Exercise »
Find the line with "#24350 = LINE ( 'NONE', #18065, #18284 ) ;". Transcribe it and each later line of the data exactly, up to and including the last.

(Data for this exercise begins)

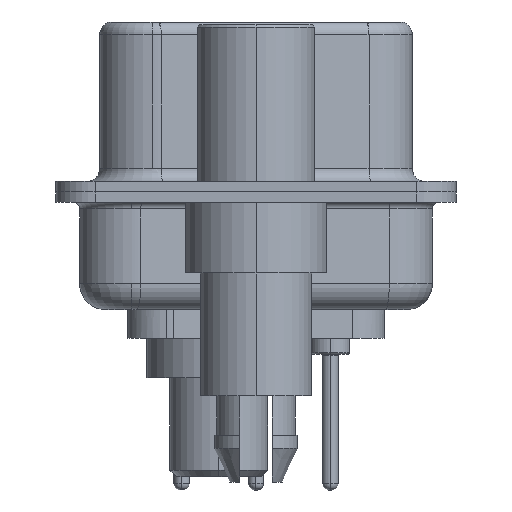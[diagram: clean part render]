
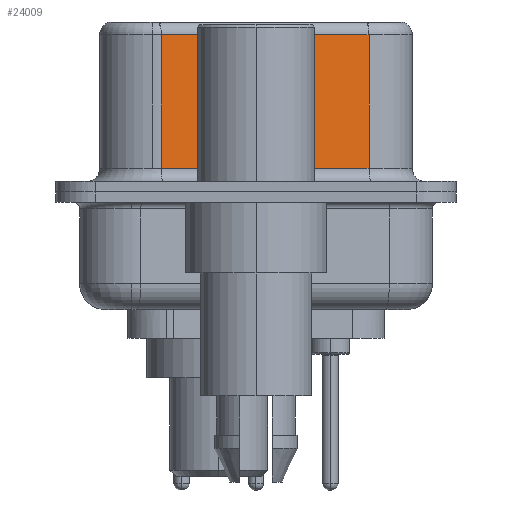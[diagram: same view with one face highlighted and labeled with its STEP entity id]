
A CAD part, left-side view. The second image highlights one B-rep face of the part: STEP entity #24009.
In plain terms, the highlighted planar face has unit normal (-0.985, -0.174, 0).
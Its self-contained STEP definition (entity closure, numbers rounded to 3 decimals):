
#42 = AXIS2_PLACEMENT_3D ( 'NONE', #5207, #28223, #14478 ) ;
#1504 = CARTESIAN_POINT ( 'NONE',  ( 3.73, 3.628, 6.02 ) ) ;
#1841 = CARTESIAN_POINT ( 'NONE',  ( 5.132, -4.322, 6.52 ) ) ;
#1944 = DIRECTION ( 'NONE',  ( 0., 0., -1. ) ) ;
#2740 = LINE ( 'NONE', #1841, #26527 ) ;
#3237 = ORIENTED_EDGE ( 'NONE', *, *, #7783, .T. ) ;
#5207 = CARTESIAN_POINT ( 'NONE',  ( 5.132, -4.322, 6.52 ) ) ;
#5911 = VERTEX_POINT ( 'NONE', #1504 ) ;
#6677 = CARTESIAN_POINT ( 'NONE',  ( 5.132, -4.322, 6.02 ) ) ;
#7588 = VECTOR ( 'NONE', #22907, 1000. ) ;
#7783 = EDGE_CURVE ( 'NONE', #25449, #5911, #20765, .T. ) ;
#7885 = VERTEX_POINT ( 'NONE', #9326 ) ;
#9326 = CARTESIAN_POINT ( 'NONE',  ( 3.73, 3.628, 0.9 ) ) ;
#10071 = CARTESIAN_POINT ( 'NONE',  ( 5.132, -4.322, 0.9 ) ) ;
#10646 = ORIENTED_EDGE ( 'NONE', *, *, #20086, .T. ) ;
#12202 = PLANE ( 'NONE',  #42 ) ;
#12766 = VERTEX_POINT ( 'NONE', #10071 ) ;
#14478 = DIRECTION ( 'NONE',  ( -0.174, 0.985, 0. ) ) ;
#15592 = CARTESIAN_POINT ( 'NONE',  ( 5.132, -4.322, 6.02 ) ) ;
#15974 = CARTESIAN_POINT ( 'NONE',  ( 5.132, -4.322, 0.9 ) ) ;
#17763 = VECTOR ( 'NONE', #22747, 1000. ) ;
#18065 = CARTESIAN_POINT ( 'NONE',  ( 3.73, 3.628, 6.52 ) ) ;
#18284 = VECTOR ( 'NONE', #29596, 1000. ) ;
#18367 = LINE ( 'NONE', #15974, #7588 ) ;
#18673 = EDGE_CURVE ( 'NONE', #7885, #12766, #18367, .T. ) ;
#20086 = EDGE_CURVE ( 'NONE', #5911, #7885, #24350, .T. ) ;
#20765 = LINE ( 'NONE', #6677, #17763 ) ;
#21752 = EDGE_CURVE ( 'NONE', #25449, #12766, #2740, .T. ) ;
#22747 = DIRECTION ( 'NONE',  ( -0.174, 0.985, 0. ) ) ;
#22907 = DIRECTION ( 'NONE',  ( 0.174, -0.985, 0. ) ) ;
#22939 = ORIENTED_EDGE ( 'NONE', *, *, #21752, .F. ) ;
#24009 = ADVANCED_FACE ( 'NONE', ( #27143 ), #12202, .F. ) ;
#24047 = EDGE_LOOP ( 'NONE', ( #22939, #3237, #10646, #25563 ) ) ;
#24350 = LINE ( 'NONE', #18065, #18284 ) ;
#25449 = VERTEX_POINT ( 'NONE', #15592 ) ;
#25563 = ORIENTED_EDGE ( 'NONE', *, *, #18673, .T. ) ;
#26527 = VECTOR ( 'NONE', #1944, 1000. ) ;
#27143 = FACE_OUTER_BOUND ( 'NONE', #24047, .T. ) ;
#28223 = DIRECTION ( 'NONE',  ( 0.985, 0.174, 0. ) ) ;
#29596 = DIRECTION ( 'NONE',  ( 0., 0., -1. ) ) ;

(Data for this exercise ends)

Result for this task »
#24350 = LINE ( 'NONE', #18065, #18284 ) ;
#25449 = VERTEX_POINT ( 'NONE', #15592 ) ;
#25563 = ORIENTED_EDGE ( 'NONE', *, *, #18673, .T. ) ;
#26527 = VECTOR ( 'NONE', #1944, 1000. ) ;
#27143 = FACE_OUTER_BOUND ( 'NONE', #24047, .T. ) ;
#28223 = DIRECTION ( 'NONE',  ( 0.985, 0.174, 0. ) ) ;
#29596 = DIRECTION ( 'NONE',  ( 0., 0., -1. ) ) ;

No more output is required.